I admire folks who are willing to get out of their comfort zone and try something new. I only look down on lifters who do stupid things while looking like they think they’re the shit. Cocky, arrogant, God’s-gift bullshit makes me want to accidentally-on-purpose drop a plate too close to their lifts. But someone coming in and trying to figure out what works best for them, puttering around and giving it a go–I got no problem with that. We all used to be new. And you can’t tell what challenges someone is dealing with or overcoming by looking at them. If you’re a woman who is ready to start lifting weights, you’ve just leapt over a major mental barrier into the wonderful, exciting and empowering world of increased strength and independence. I’m so happy for you and can’t wait to support you in this new endeavor!

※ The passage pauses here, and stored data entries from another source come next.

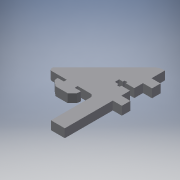
# Autodesk Inventor part: Y-Motor-Brace
Saved by Autodesk Inventor 2017 (Build 210142000, 142)
## iProperties
Created: 2016-07-21
Part Number: Y-Motor-Brace
Material: Generic
Document SubType Name: Modeling
Designer: User
Density: 1 g/cm^3
Appearance: Default
Author: User
Autodesk Inventor part; units mm, degrees
(part 1 of 2)
ref_plane "YZ Plane" through (0, 0, 0) normal (1, 0, 0) x (0, 1, 0)
ref_plane "XZ Plane" through (0, 0, 0) normal (0, 1, 0) x (-1, 0, 0)
ref_plane "XY Plane" through (0, 0, 0) normal (0, 0, 1) x (1, 0, 0)
sketch "Sketch1" plane through (0, 0, 0) normal (0, 0, 1) x (1, 0, 0)
  line L0 (977.8791, 108.9161) -> (977.8791, 115.0161)
  line L1 (977.8791, 115.0161) -> (984.2291, 115.0161)
  line L2 (984.2291, 115.0161) -> (984.2291, 121.0067)
  line L3 (984.2291, 121.0067) -> (977.8884, 121.0067)
  line L4 (977.8884, 121.0067) -> (977.8884, 130.4067)
  line L5 (977.8884, 130.4067) -> (977.2021, 130.4067)
  line L6 (977.2021, 130.4067) -> (976.6789, 130.3897)
  line L7 (976.6789, 130.3897) -> (976.1579, 130.3385)
  line L8 (976.1579, 130.3385) -> (975.6413, 130.2534)
  line L9 (975.6413, 130.2534) -> (975.1315, 130.1346)
  line L10 (975.1315, 130.1346) -> (974.6306, 129.9827)
  line L11 (974.6306, 129.9827) -> (974.1405, 129.7985)
  line L12 (974.1405, 129.7985) -> (973.6636, 129.5825)
  line L13 (973.6636, 129.5825) -> (973.2019, 129.3358)
  line L14 (973.2019, 129.3358) -> (972.7572, 129.0595)
  line L15 (972.7572, 129.0595) -> (972.3316, 128.7547)
  line L16 (972.3316, 128.7547) -> (971.9269, 128.4227)
  line L17 (971.9269, 128.4227) -> (971.5447, 128.0649)
  line L18 (971.5447, 128.0649) -> (937.996, 94.5327)
  line L19 (937.996, 94.5327) -> (938.0208, 94.542)
  line L20 (938.0208, 94.542) -> (937.2042, 93.7246)
  spline S0 degree 3 poles (937.2042, 93.7246) (937.0556, 93.5758) (936.9321, 93.4056) (936.8368, 93.2181) knots 21 21 21 21 22 22 22 22
  line L21 (937.2042, 93.7246) -> (937.0556, 93.5758) construction
  line L22 (937.0556, 93.5758) -> (936.9321, 93.4056) construction
  line L23 (936.9321, 93.4056) -> (936.8368, 93.2181) construction
  spline S1 degree 3 poles (936.8368, 93.2181) (936.7414, 93.0307) (936.6766, 92.8306) (936.6438, 92.6229) knots 22 22 22 22 23 23 23 23
  line L24 (936.8368, 93.2181) -> (936.7414, 93.0307) construction
  line L25 (936.7414, 93.0307) -> (936.6766, 92.8306) construction
  line L26 (936.6766, 92.8306) -> (936.6438, 92.6229) construction
  spline S2 degree 3 poles (936.6438, 92.6229) (936.611, 92.4151) (936.6112, 92.2048) (936.6443, 91.9971) (936.6774, 91.7895) (936.7425, 91.5895) (936.8381, 91.4022) knots 23 23 23 23 24 24 24 25 25 25 25
  line L27 (936.6438, 92.6229) -> (936.611, 92.4151) construction
  line L28 (936.611, 92.4151) -> (936.6112, 92.2048) construction
  line L29 (936.6112, 92.2048) -> (936.6443, 91.9971) construction
  line L30 (936.6443, 91.9971) -> (936.6774, 91.7895) construction
  line L31 (936.6774, 91.7895) -> (936.7425, 91.5895) construction
  line L32 (936.7425, 91.5895) -> (936.8381, 91.4022) construction
  spline S3 degree 3 poles (936.8381, 91.4022) (936.9337, 91.2148) (937.0574, 91.0448) (937.2062, 90.8962) knots 25 25 25 25 26 26 26 26
  line L33 (936.8381, 91.4022) -> (936.9337, 91.2148) construction
  line L34 (936.9337, 91.2148) -> (937.0574, 91.0448) construction
  line L35 (937.0574, 91.0448) -> (937.2062, 90.8962) construction
  spline S4 degree 3 poles (937.2062, 90.8962) (937.355, 90.7476) (937.5252, 90.6241) (937.7127, 90.5287) knots 26 26 26 26 27 27 27 27
  line L36 (937.2062, 90.8962) -> (937.355, 90.7476) construction
  line L37 (937.355, 90.7476) -> (937.5252, 90.6241) construction
  line L38 (937.5252, 90.6241) -> (937.7127, 90.5287) construction
  spline S5 degree 3 poles (937.7127, 90.5287) (937.9002, 90.4334) (938.1002, 90.3685) (938.3079, 90.3358) knots 27 27 27 27 28 28 28 28
  line L39 (937.7127, 90.5287) -> (937.9002, 90.4334) construction
  line L40 (937.9002, 90.4334) -> (938.1002, 90.3685) construction
  line L41 (938.1002, 90.3685) -> (938.3079, 90.3358) construction
  spline S6 degree 3 poles (938.3079, 90.3358) (938.411, 90.3195) (938.5151, 90.3114) (938.6195, 90.3114) knots 28 28 28 28 29 29 29 29
  line L42 (938.3079, 90.3358) -> (938.411, 90.3195) construction
  line L43 (938.411, 90.3195) -> (938.5151, 90.3114) construction
  line L44 (938.5151, 90.3114) -> (938.6195, 90.3114) construction
  line L45 (938.6195, 90.3114) -> (949.0602, 90.3114)
  line L46 (949.0602, 90.3114) -> (949.0602, 88.2628)
  line L47 (949.0602, 88.2628) -> (944.6963, 88.2628)
  line L48 (944.6963, 88.2628) -> (944.6963, 87.5628)
  line L49 (944.6963, 87.5628) -> (945.0555, 85.6914)
  line L50 (945.0555, 85.6914) -> (949.0203, 82.4161)
  line L51 (949.0203, 82.4161) -> (957.4678, 82.4161)
  line L52 (957.4678, 82.4161) -> (960.7553, 85.6883)
  line L53 (960.7553, 85.6883) -> (961.0631, 87.5612)
  line L54 (961.0631, 87.5612) -> (961.0631, 88.2612)
  line L55 (961.0631, 88.2612) -> (956.7022, 88.2612)
  line L56 (956.7022, 88.2612) -> (956.7022, 90.3082)
  line L57 (956.7022, 90.3082) -> (965.3221, 90.3082)
  line L58 (965.3221, 90.3082) -> (966.007, 90.2748)
  line L59 (966.007, 90.2748) -> (966.66, 90.0653)
  line L60 (966.66, 90.0653) -> (967.2366, 89.6939)
  line L61 (967.2366, 89.6939) -> (967.6973, 89.186)
  line L62 (967.6973, 89.186) -> (968.0109, 88.5761)
  line L63 (968.0109, 88.5761) -> (968.1559, 87.9058)
  line L64 (968.1559, 87.9058) -> (968.1559, 60.091)
  line L65 (968.1559, 60.091) -> (977.8791, 60.091)
  line L66 (977.8791, 60.091) -> (977.8791, 93.8161)
  line L67 (977.8791, 93.8161) -> (984.2291, 93.8161)
  line L68 (984.2291, 93.8161) -> (984.2291, 99.8161)
  line L69 (984.2291, 99.8161) -> (977.8791, 99.8161)
  line L70 (977.8791, 99.8161) -> (977.8791, 105.9161)
  line L71 (977.8791, 105.9161) -> (971.879, 105.9161)
  line L72 (971.879, 105.9161) -> (971.879, 104.6661)
  line L73 (971.879, 104.6661) -> (969.8791, 104.6661)
  line L74 (969.8791, 104.6661) -> (969.8791, 105.9161)
  line L75 (969.8791, 105.9161) -> (967.2291, 105.9161)
  line L76 (967.2291, 105.9161) -> (967.2291, 108.9161)
  line L77 (967.2291, 108.9161) -> (969.8791, 108.9161)
  line L78 (969.8791, 108.9161) -> (969.8791, 110.1661)
  line L79 (969.8791, 110.1661) -> (971.879, 110.1661)
  line L80 (971.879, 110.1661) -> (971.879, 108.9161)
  line L81 (971.879, 108.9161) -> (977.8791, 108.9161)
  line L82 (967.192, 195.3235) -> (966.942, 195.9235)
  line L83 (966.942, 195.9235) -> (966.542, 196.4485)
  line L84 (966.542, 196.4485) -> (966.017, 196.8485)
  line L85 (966.017, 196.8485) -> (965.417, 197.0985)
  line L86 (965.417, 197.0985) -> (964.767, 197.1985)
  line L87 (964.767, 197.1985) -> (964.117, 197.0984)
  line L88 (964.117, 197.0984) -> (963.492, 196.8484)
  line L89 (963.492, 196.8484) -> (962.967, 196.4484)
  line L90 (962.967, 196.4484) -> (962.567, 195.9234)
  line L91 (962.567, 195.9234) -> (962.317, 195.3234)
  line L92 (962.317, 195.3234) -> (962.242, 194.6734)
  line L93 (962.242, 194.6734) -> (962.3171, 194.0234)
  line L94 (962.3171, 194.0234) -> (962.5671, 193.3984)
  line L95 (962.5671, 193.3984) -> (962.9671, 192.8984)
  line L96 (962.9671, 192.8984) -> (963.492, 192.4985)
  line L97 (963.492, 192.4985) -> (964.1171, 192.2485)
  line L98 (964.1171, 192.2485) -> (964.7671, 192.1486)
  line L99 (964.7671, 192.1486) -> (965.4171, 192.2486)
  line L100 (965.4171, 192.2486) -> (966.017, 192.4987)
  line L101 (966.017, 192.4987) -> (966.5421, 192.8987)
  line L102 (966.5421, 192.8987) -> (966.9422, 193.3986)
  line L103 (966.9422, 193.3986) -> (967.1921, 194.0236)
  line L104 (967.1921, 194.0236) -> (967.2671, 194.6733)
  line L105 (967.2671, 194.6733) -> (967.192, 195.3235)
  line L106 (983.267, 191.6734) -> (983.267, 185.2734)
  line L107 (983.267, 185.2734) -> (989.467, 185.2734)
  line L108 (989.467, 185.2734) -> (989.467, 191.6734)
  line L109 (989.467, 191.6734) -> (983.267, 191.6734)
  line L110 (987.3418, 197.698) -> (987.3418, 197.798)
  line L111 (987.3418, 197.798) -> (987.3169, 197.898)
  line L112 (987.3169, 197.898) -> (987.2669, 197.998)
  line L113 (987.2669, 197.998) -> (987.2419, 198.098)
  line L114 (987.2419, 198.098) -> (987.1919, 198.198)
  line L115 (987.1919, 198.198) -> (987.1419, 198.298)
  line L116 (987.1419, 198.298) -> (987.0919, 198.373)
  line L117 (987.0919, 198.373) -> (987.042, 198.473)
  line L118 (987.042, 198.473) -> (986.9669, 198.548)
  line L119 (986.9669, 198.548) -> (986.892, 198.6231)
  line L120 (986.892, 198.6231) -> (986.817, 198.6981)
  line L121 (986.817, 198.6981) -> (986.742, 198.7481)
  line L122 (986.742, 198.7481) -> (986.642, 198.8231)
  line L123 (986.642, 198.8231) -> (986.567, 198.8731)
  line L124 (986.567, 198.8731) -> (986.467, 198.9232)
  line L125 (986.467, 198.9232) -> (986.3671, 198.9732)
  line L126 (986.3671, 198.9732) -> (986.2671, 198.9983)
  line L127 (986.2671, 198.9983) -> (986.1671, 199.0483)
  line L128 (986.1671, 199.0483) -> (986.0671, 199.0483)
  line L129 (986.0671, 199.0483) -> (985.9671, 199.0734)
  line L130 (985.9671, 199.0734) -> (985.8671, 199.0983)
  line L131 (985.8671, 199.0983) -> (985.7671, 199.0983)
  line L132 (985.7671, 199.0983) -> (985.6671, 199.0983)
  line L133 (985.6671, 199.0983) -> (985.5422, 199.0734)
  line L134 (985.5422, 199.0734) -> (985.4421, 199.0483)
  line L135 (985.4421, 199.0483) -> (985.3421, 199.0483)
  line L136 (985.3421, 199.0483) -> (985.2421, 198.9983)
  line L137 (985.2421, 198.9983) -> (985.1421, 198.9733)
  line L138 (985.1421, 198.9733) -> (985.0421, 198.9234)
  line L139 (985.0421, 198.9234) -> (984.9671, 198.8733)
  line L140 (984.9671, 198.8733) -> (984.8671, 198.8234)
  line L141 (984.8671, 198.8234) -> (984.7922, 198.7484)
  line L142 (984.7922, 198.7484) -> (984.7171, 198.6984)
  line L143 (984.7171, 198.6984) -> (984.6421, 198.6234)
  line L144 (984.6421, 198.6234) -> (984.5671, 198.5484)
  line L145 (984.5671, 198.5484) -> (984.4921, 198.4734)
  line L146 (984.4921, 198.4734) -> (984.4421, 198.3734)
  line L147 (984.4421, 198.3734) -> (984.3671, 198.2984)
  line L148 (984.3671, 198.2984) -> (984.317, 198.1984)
  line L149 (984.317, 198.1984) -> (984.292, 198.0984)
  line L150 (984.292, 198.0984) -> (984.2421, 197.9984)
  line L151 (984.2421, 197.9984) -> (984.2171, 197.8985)
  line L152 (984.2171, 197.8985) -> (984.192, 197.7984)
  line L153 (984.192, 197.7984) -> (984.167, 197.6984)
  line L154 (984.167, 197.6984) -> (984.167, 197.5984)
  line L155 (984.167, 197.5984) -> (984.167, 197.4984)
  line L156 (984.167, 197.4984) -> (984.167, 197.3984)
  line L157 (984.167, 197.3984) -> (984.167, 197.2734)
  line L158 (984.167, 197.2734) -> (984.192, 197.1734)
  line L159 (984.192, 197.1734) -> (984.2171, 197.0734)
  line L160 (984.2171, 197.0734) -> (984.2421, 196.9734)
  line L161 (984.2421, 196.9734) -> (984.2921, 196.8734)
  line L162 (984.2921, 196.8734) -> (984.317, 196.7734)
  line L163 (984.317, 196.7734) -> (984.3671, 196.6985)
  line L164 (984.3671, 196.6985) -> (984.4421, 196.5985)
  line L165 (984.4421, 196.5985) -> (984.4921, 196.5235)
  line L166 (984.4921, 196.5235) -> (984.5671, 196.4235)
  line L167 (984.5671, 196.4235) -> (984.6421, 196.3485)
  line L168 (984.6421, 196.3485) -> (984.7171, 196.2984)
  line L169 (984.7171, 196.2984) -> (984.7921, 196.2234)
  line L170 (984.7921, 196.2234) -> (984.867, 196.1484)
  line L171 (984.867, 196.1484) -> (984.967, 196.0983)
  line L172 (984.967, 196.0983) -> (985.042, 196.0483)
  line L173 (985.042, 196.0483) -> (985.142, 196.0233)
  line L174 (985.142, 196.0233) -> (985.2419, 195.9732)
  line L175 (985.2419, 195.9732) -> (985.3419, 195.9482)
  line L176 (985.3419, 195.9482) -> (985.4419, 195.9231)
  line L177 (985.4419, 195.9231) -> (985.542, 195.8981)
  line L178 (985.542, 195.8981) -> (985.6669, 195.8981)
  line L179 (985.6669, 195.8981) -> (985.7669, 195.8981)
  line L180 (985.7669, 195.8981) -> (985.8669, 195.8981)
  line L181 (985.8669, 195.8981) -> (985.9669, 195.8981)
  line L182 (985.9669, 195.8981) -> (986.0669, 195.9231)
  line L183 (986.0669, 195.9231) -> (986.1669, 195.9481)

Are you thinking about getting into lifting and need a little push of encouragement? Leave a comment below! Are you old-hat and think I missed something important about having the right headspace to get started? I want to hear that too! You can also find and follow Progressive Strength on Facebook and join the conversation over there. I look forward to hearing from you!
(1) Every time I write about my experiences with male-dominated lifting, I get a handful of responses from women along the lines of, “I’ve never been treated this way. Everyone has always been very welcoming and encouraging of my lifting.” So, apparently that’s a possibility, and that means maybe this won’t be a thing for you. However, that has not been my experience, and the more “gen pop” my gym, the less welcoming and more overtly aggressive the male population has been. When I can afford to go to more specialized lifting gyms with a more educated population, my overall experiences have been significantly less testosterone-laden.